A good example of AI-powered chatbot is Poncho, the weather chatbot that searches for a weather forecast for your location, offers you predefined options to choose from, understands your replies, and occasionally cracks a joke. Poncho creator Sam Mandel is quoted saying that “thanks to a team of writers updating the bot’s library of knowledge every day, Poncho already has opinions on random, non-weather related topics like guacamole recipes and superhero movies”. Writers, see?
You can type something else and see if Poncho understands:
What a sly guy!
Why should we care?
I can think of several reasons why Information Developers should pay close attention to the emerging chatbots trend.
Reason 1: Chatbots require good writing
With bots employing the conversational user interface, the quality script is a major component of a bot’s success. Bot’s authors must possess exceptional audience analysis skill, understand user goals, and be able to write with empathy—the qualities required from InfoDevs.
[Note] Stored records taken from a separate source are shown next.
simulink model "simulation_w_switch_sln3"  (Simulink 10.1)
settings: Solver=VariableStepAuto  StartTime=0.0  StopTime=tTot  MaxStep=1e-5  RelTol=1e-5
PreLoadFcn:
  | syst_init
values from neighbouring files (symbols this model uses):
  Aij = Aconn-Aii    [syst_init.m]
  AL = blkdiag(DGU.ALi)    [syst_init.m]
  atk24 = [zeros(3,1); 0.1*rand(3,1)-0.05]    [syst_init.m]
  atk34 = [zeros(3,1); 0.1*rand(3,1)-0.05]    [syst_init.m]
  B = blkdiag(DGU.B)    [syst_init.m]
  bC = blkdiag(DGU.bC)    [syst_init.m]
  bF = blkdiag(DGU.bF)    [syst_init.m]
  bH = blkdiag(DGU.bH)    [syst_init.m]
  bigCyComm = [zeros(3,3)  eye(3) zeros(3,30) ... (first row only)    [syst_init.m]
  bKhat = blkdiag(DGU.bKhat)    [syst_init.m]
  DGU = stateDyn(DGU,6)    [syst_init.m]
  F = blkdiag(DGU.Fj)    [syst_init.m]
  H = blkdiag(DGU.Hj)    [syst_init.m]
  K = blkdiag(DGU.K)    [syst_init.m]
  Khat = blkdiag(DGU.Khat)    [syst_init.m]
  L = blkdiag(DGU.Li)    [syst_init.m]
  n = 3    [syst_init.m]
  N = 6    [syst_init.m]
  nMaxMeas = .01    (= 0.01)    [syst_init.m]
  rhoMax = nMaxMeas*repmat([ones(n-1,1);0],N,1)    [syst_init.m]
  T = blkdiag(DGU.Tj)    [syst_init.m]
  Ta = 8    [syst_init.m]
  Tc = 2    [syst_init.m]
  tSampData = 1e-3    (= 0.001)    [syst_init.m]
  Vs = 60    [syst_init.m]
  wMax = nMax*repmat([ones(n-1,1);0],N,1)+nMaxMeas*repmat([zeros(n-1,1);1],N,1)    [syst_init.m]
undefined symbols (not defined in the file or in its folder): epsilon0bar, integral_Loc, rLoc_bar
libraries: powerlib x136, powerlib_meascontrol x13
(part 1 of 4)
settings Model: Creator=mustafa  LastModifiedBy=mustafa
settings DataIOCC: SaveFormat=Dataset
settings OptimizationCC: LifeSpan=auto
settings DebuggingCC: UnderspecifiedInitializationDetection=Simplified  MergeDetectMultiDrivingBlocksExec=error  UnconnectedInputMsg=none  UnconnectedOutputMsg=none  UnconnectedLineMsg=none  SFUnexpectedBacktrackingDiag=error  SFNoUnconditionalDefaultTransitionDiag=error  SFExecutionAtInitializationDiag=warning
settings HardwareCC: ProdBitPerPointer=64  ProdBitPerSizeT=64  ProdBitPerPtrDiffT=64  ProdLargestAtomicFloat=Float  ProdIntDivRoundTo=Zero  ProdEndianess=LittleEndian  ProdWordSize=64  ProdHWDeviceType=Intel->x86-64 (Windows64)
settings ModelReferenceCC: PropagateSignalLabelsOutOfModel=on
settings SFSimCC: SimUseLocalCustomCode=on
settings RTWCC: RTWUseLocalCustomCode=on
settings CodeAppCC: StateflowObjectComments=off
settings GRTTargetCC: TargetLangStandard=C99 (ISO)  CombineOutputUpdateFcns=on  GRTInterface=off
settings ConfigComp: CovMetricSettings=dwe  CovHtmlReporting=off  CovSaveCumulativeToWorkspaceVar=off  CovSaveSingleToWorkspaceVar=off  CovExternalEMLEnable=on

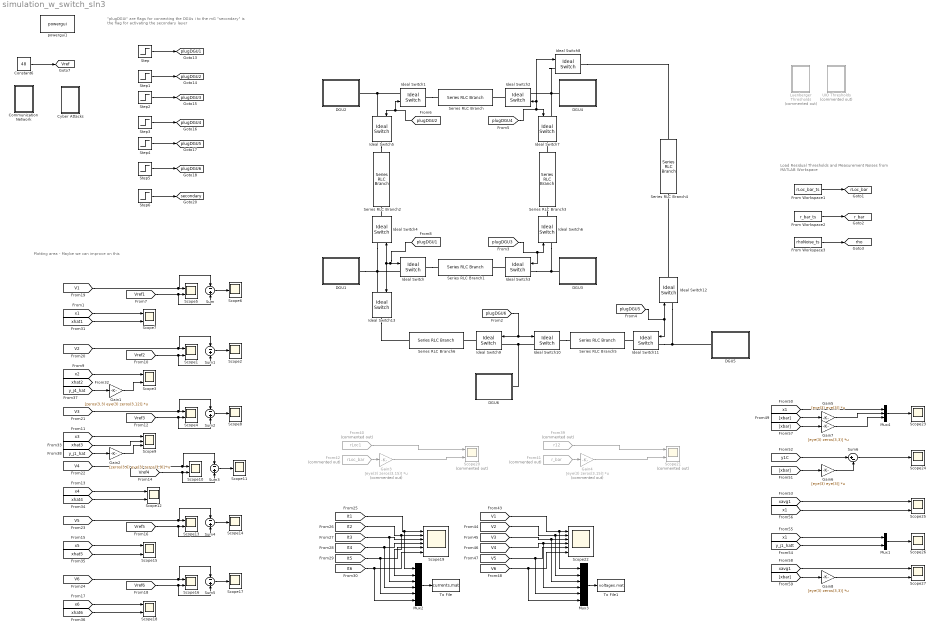
== system simulation_w_switch_sln3 ==
  note: Plotting area - Maybe we can improve on this
  note: "plugDGUi" are flags for connecting the DGUs i to the mG
      | "secondary" is the flag for activating the secondary layer
  note: Load Residual Thresholds and Measurement
      | Noises from MATLAB Workspace
  Communication  Network : Subsystem
  Constant6 : Constant  Value=48
  Cyber Attacks : Subsystem
  DGU1 : Subsystem
  DGU2 : Subsystem
  DGU3 : Subsystem
  DGU4 : Subsystem
  DGU5 : Subsystem
  DGU6 : Subsystem
  From Workspace1 : FromWorkspace  VariableName=rLoc_bar_ts
  From Workspace2 : FromWorkspace  VariableName=r_bar_ts
  From Workspace3 : FromWorkspace  VariableName=rhoNoise_ts
  From39 : From  Commented=on  GotoTag=r12  TagVisibility=global
  From40 : From  Commented=on  GotoTag=rLoc1  TagVisibility=global
  From41 : From  Commented=on  GotoTag=r_bar  TagVisibility=global
  From42 : From  Commented=on  GotoTag=rLoc_bar  TagVisibility=global
  Gain1 : Gain  Gain=[zeros(3,3) eye(3) zeros(3,12)]  Multiplication=Matrix(K*u) (u vector)
  Gain2 : Gain  Gain=[zeros(3,6) eye(3) zeros(3,9)]  Multiplication=Matrix(K*u) (u vector)
  Gain3 : Gain  Commented=on  Gain=[eye(3) zeros(3,15)]  Multiplication=Matrix(K*u) (u vector)
  Gain4 : Gain  Commented=on  Gain=[eye(3) zeros(3,15)]  Multiplication=Matrix(K*u) (u vector)
  Gain5 : Gain  Gain=[eye(3) eye(3)]  Multiplication=Matrix(K*u) (u vector)
  Gain6 : Gain  Gain=[eye(3) eye(3)]  Multiplication=Matrix(K*u) (u vector)
  Gain7 : Gain  Gain=[eye(3) zeros(3,3)]  Multiplication=Matrix(K*u) (u vector)
  Gain8 : Gain  Gain=[eye(3) zeros(3,3)]  Multiplication=Matrix(K*u) (u vector)
  Ideal Switch{,1..13} (14 alike) : powerlib/Power Electronics/Ideal Switch  Ron=0.001  Lon=0  IC=0  Rs=1e5  Cs=inf  Measurements=off
  Luenberger Thresholds : Subsystem  Commented=on
  Mux1 : Mux  Inputs=2
  Mux2 : Mux  Inputs=6
  Mux3 : Mux  Inputs=6
  Mux4 : Mux  Inputs=3
  Scope{1,4..5,7,10,12..13,15..16,18,25,27} (12 alike) : Scope  NumInputPorts=2
  Scope{2,6,8,11,14,17,23..24,26} (9 alike) : Scope
  Scope19 : Scope  NumInputPorts=6
  Scope20 : Scope  Commented=on  NumInputPorts=2
  Scope21 : Scope  Commented=on  NumInputPorts=2
  Scope22 : Scope  NumInputPorts=6
  Scope3 : Scope  NumInputPorts=3
  Scope9 : Scope  NumInputPorts=3
  Series RLC Branch : powerlib/Elements/Series RLC Branch  LConnTagsString=__new0  RConnTagsString=__new0  BranchType=RL  Resistance=DGU(2).Rij(2)  Inductance=DGU(2).Lij(2)  SetiL0=off  InitialCurrent=0  Capacitance=1e-6  Setx0=off  InitialVoltage=0  Measurements=None
  Series RLC Branch1 : powerlib/Elements/Series RLC Branch  LConnTagsString=__new0  RConnTagsString=__new0  BranchType=RL  Resistance=DGU(1).Rij(2)  Inductance=DGU(1).Lij(2)  SetiL0=off  InitialCurrent=0  Capacitance=1e-6  Setx0=off  InitialVoltage=0  Measurements=None
  Series RLC Branch2 : powerlib/Elements/Series RLC Branch  LConnTagsString=__new0  RConnTagsString=__new0  BranchType=RL  Resistance=DGU(1).Rij(1)  Inductance=DGU(1).Lij(1)  SetiL0=off  InitialCurrent=0  Capacitance=1e-6  Setx0=off  InitialVoltage=0  Measurements=None
  Series RLC Branch3 : powerlib/Elements/Series RLC Branch  LConnTagsString=__new0  RConnTagsString=__new0  BranchType=RL  Resistance=DGU(3).Rij(2)  Inductance=DGU(3).Lij(2)  SetiL0=off  InitialCurrent=0  Capacitance=1e-6  Setx0=off  InitialVoltage=0  Measurements=None
  Series RLC Branch4 : powerlib/Elements/Series RLC Branch  LConnTagsString=__new0  RConnTagsString=__new0  BranchType=RL  Resistance=DGU(4).Rij(3)  Inductance=DGU(4).Lij(3)  SetiL0=off  InitialCurrent=0  Capacitance=1e-6  Setx0=off  InitialVoltage=0  Measurements=None
  Series RLC Branch5 : powerlib/Elements/Series RLC Branch  LConnTagsString=__new0  RConnTagsString=__new0  BranchType=RL  Resistance=DGU(5).Rij(2)  Inductance=DGU(5).Lij(2)  SetiL0=off  InitialCurrent=0  Capacitance=1e-6  Setx0=off  InitialVoltage=0  Measurements=None
  Series RLC Branch6 : powerlib/Elements/Series RLC Branch  LConnTagsString=__new0  RConnTagsString=__new0  BranchType=RL  Resistance=DGU(1).Rij(3)  Inductance=DGU(1).Lij(3)  SetiL0=off  InitialCurrent=0  Capacitance=1e-6  Setx0=off  InitialVoltage=0  Measurements=None
  Step{,1..6} (7 alike) : Step  Time=Tc  SampleTime=0
  Sum{,1..5} (6 alike) : Sum  Inputs=-|+
  Sum6 : Sum  Inputs=|+-
  To File : ToFile  Filename=currents.mat  MatrixName=currents  SaveFormat=Timeseries  SampleTime=tSampData
  To File1 : ToFile  Filename=voltages.mat  MatrixName=voltages  SaveFormat=Timeseries  SampleTime=tSampData
  UIO Thresholds : Subsystem  Commented=on
  powergui1 : powerlib/powergui  Priority=1  SimulationMode=Continuous  SampleTime=50e-6  frequency=60  Iterations=50  frequencyindice=0  Pbase=100e6  ErrMax=1e-4  UnitsV=kV  UnitsW=MW  buscounter=0  FunctionMessages=off  echomessages=off  EnableUseOfTLC=off  CurrentSourceSwitches=off  DisableSnubberDevices=off  DisableRonSwitches=off  DisableVfSwitches=off  DisplayEquations=off  AutomaticDiscreteSolvers=off  SolverType=Tustin/Backward Euler (TBE)  Interpol=off  ExternalGateDelay=off  methode=off  Ts=100  x0status=blocks  SPID=on  SwTol=0  HookPort=off  NonlinearTolerance=1e-4  nMaxIteration=100  ContinueOnMaxIteration=off  RestoreLinks=warning  ResistiveCurrentMeasurement=off  Frange=[0:2:500]  Ylog=off  Xlog=on  ShowGrid=off  save=off  variable=ZData  structure=0  ZoomFFT=off  StartTime=0.0  cycles=1  DisplayStyle=1  fundamental=60  FreqAxis=off  MaxFrequency=1000  frequencyindicesteady=1  RmsSteady=1  display=off
  tag scope: Vref=global, plugDGU1=global, plugDGU2=global, plugDGU3=global, plugDGU4=global, plugDGU5=global, plugDGU6=global, rLoc_bar=global, r_bar=global, rho=global, secondary=global
  wires:
  [Vref1] -> Sum/2, Scope5/2
  [V1] -> Sum/1, Scope5/1
  Sum/1 -> Scope6/1
  [x1] -> Scope7/1
  [plugDGU2] -> Ideal Switch1/1, Ideal Switch5/1
  [plugDGU1] -> Ideal Switch4/1, Ideal Switch13/1, Ideal Switch/1
  [plugDGU3] -> Ideal Switch6/1, Ideal Switch3/1
  [plugDGU4] -> Ideal Switch7/1, Ideal Switch8/1, Ideal Switch2/1
  [plugDGU6] -> Ideal Switch9/1, Ideal Switch10/1
  [plugDGU5] -> Ideal Switch11/1, Ideal Switch12/1
  [V2] -> Sum1/1, Scope1/1
  [Vref2] -> Sum1/2, Scope1/2
  Sum1/1 -> Scope2/1
  [x2] -> Scope3/1
  [V3] -> Sum2/1, Scope4/1
  [Vref3] -> Sum2/2, Scope4/2
  Sum2/1 -> Scope8/1
  [x3] -> Scope9/1
  [V4] -> Sum3/1, Scope10/1
  [Vref4] -> Sum3/2, Scope10/2
  Sum3/1 -> Scope11/1
  [x4] -> Scope12/1
  [V5] -> Sum4/1, Scope13/1
  [Vref5] -> Sum4/2, Scope13/2
  Sum4/1 -> Scope14/1
  [x5] -> Scope15/1
  [V6] -> Sum5/1, Scope16/1
  [Vref6] -> Sum5/2, Scope16/2
  Sum5/1 -> Scope17/1
  [x6] -> Scope18/1
  Step/1 -> [plugDGU1]
  Step1/1 -> [plugDGU2]
  Step2/1 -> [plugDGU3]
  Step3/1 -> [plugDGU4]
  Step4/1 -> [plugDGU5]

Well, and have a good sense of humor.
Now, take a look at how it is done:
- Here is a great story about experiences and lessons learned of a TechComm team working on a chatbot script for the first time.
- I also invite you to read a great experience-sharing post about dealing with conversational design form the content writer’s perspective.
Reason 2: Chatbots are a channel for our existing deliverables
Use cases for chatbots are not limited to helping a user perform a simple practical task, such as ordering pizza, getting news reports, or booking a hotel. Chatbots can also help users out with an application or website, offering relevant Help topics, FAQ sections, or knowledge base entries.
What would it mean in practice? As Ellis Pratt suggests, we need to make sure that our writing is chatbot-ready.
To be provided via a chatbot medium, our writing should be structured so that chatbots can process its meaning or semantics, for example, reading metadata or keywords from the tag in HTML. Metadata would help a chatbot “understand” which topic is relevant to a user’s question. Metadata can include a component and feature name, task, user role (admin or non-admin user), and more.
Additionally, we get one more reason to make sure that each topic answers one specific question a user might ask.
Chatbots are coming. In fact, they are already here, so let’s not overlook this trend as it gains momentum. Being aware might be your competitive advantage. Even if you are not writing for a chatbot now, you can keep this potential possibility in mind.
What are your experiences with chatbots? What do you think of a chatbot delivering users Help topics? Please share your ideas.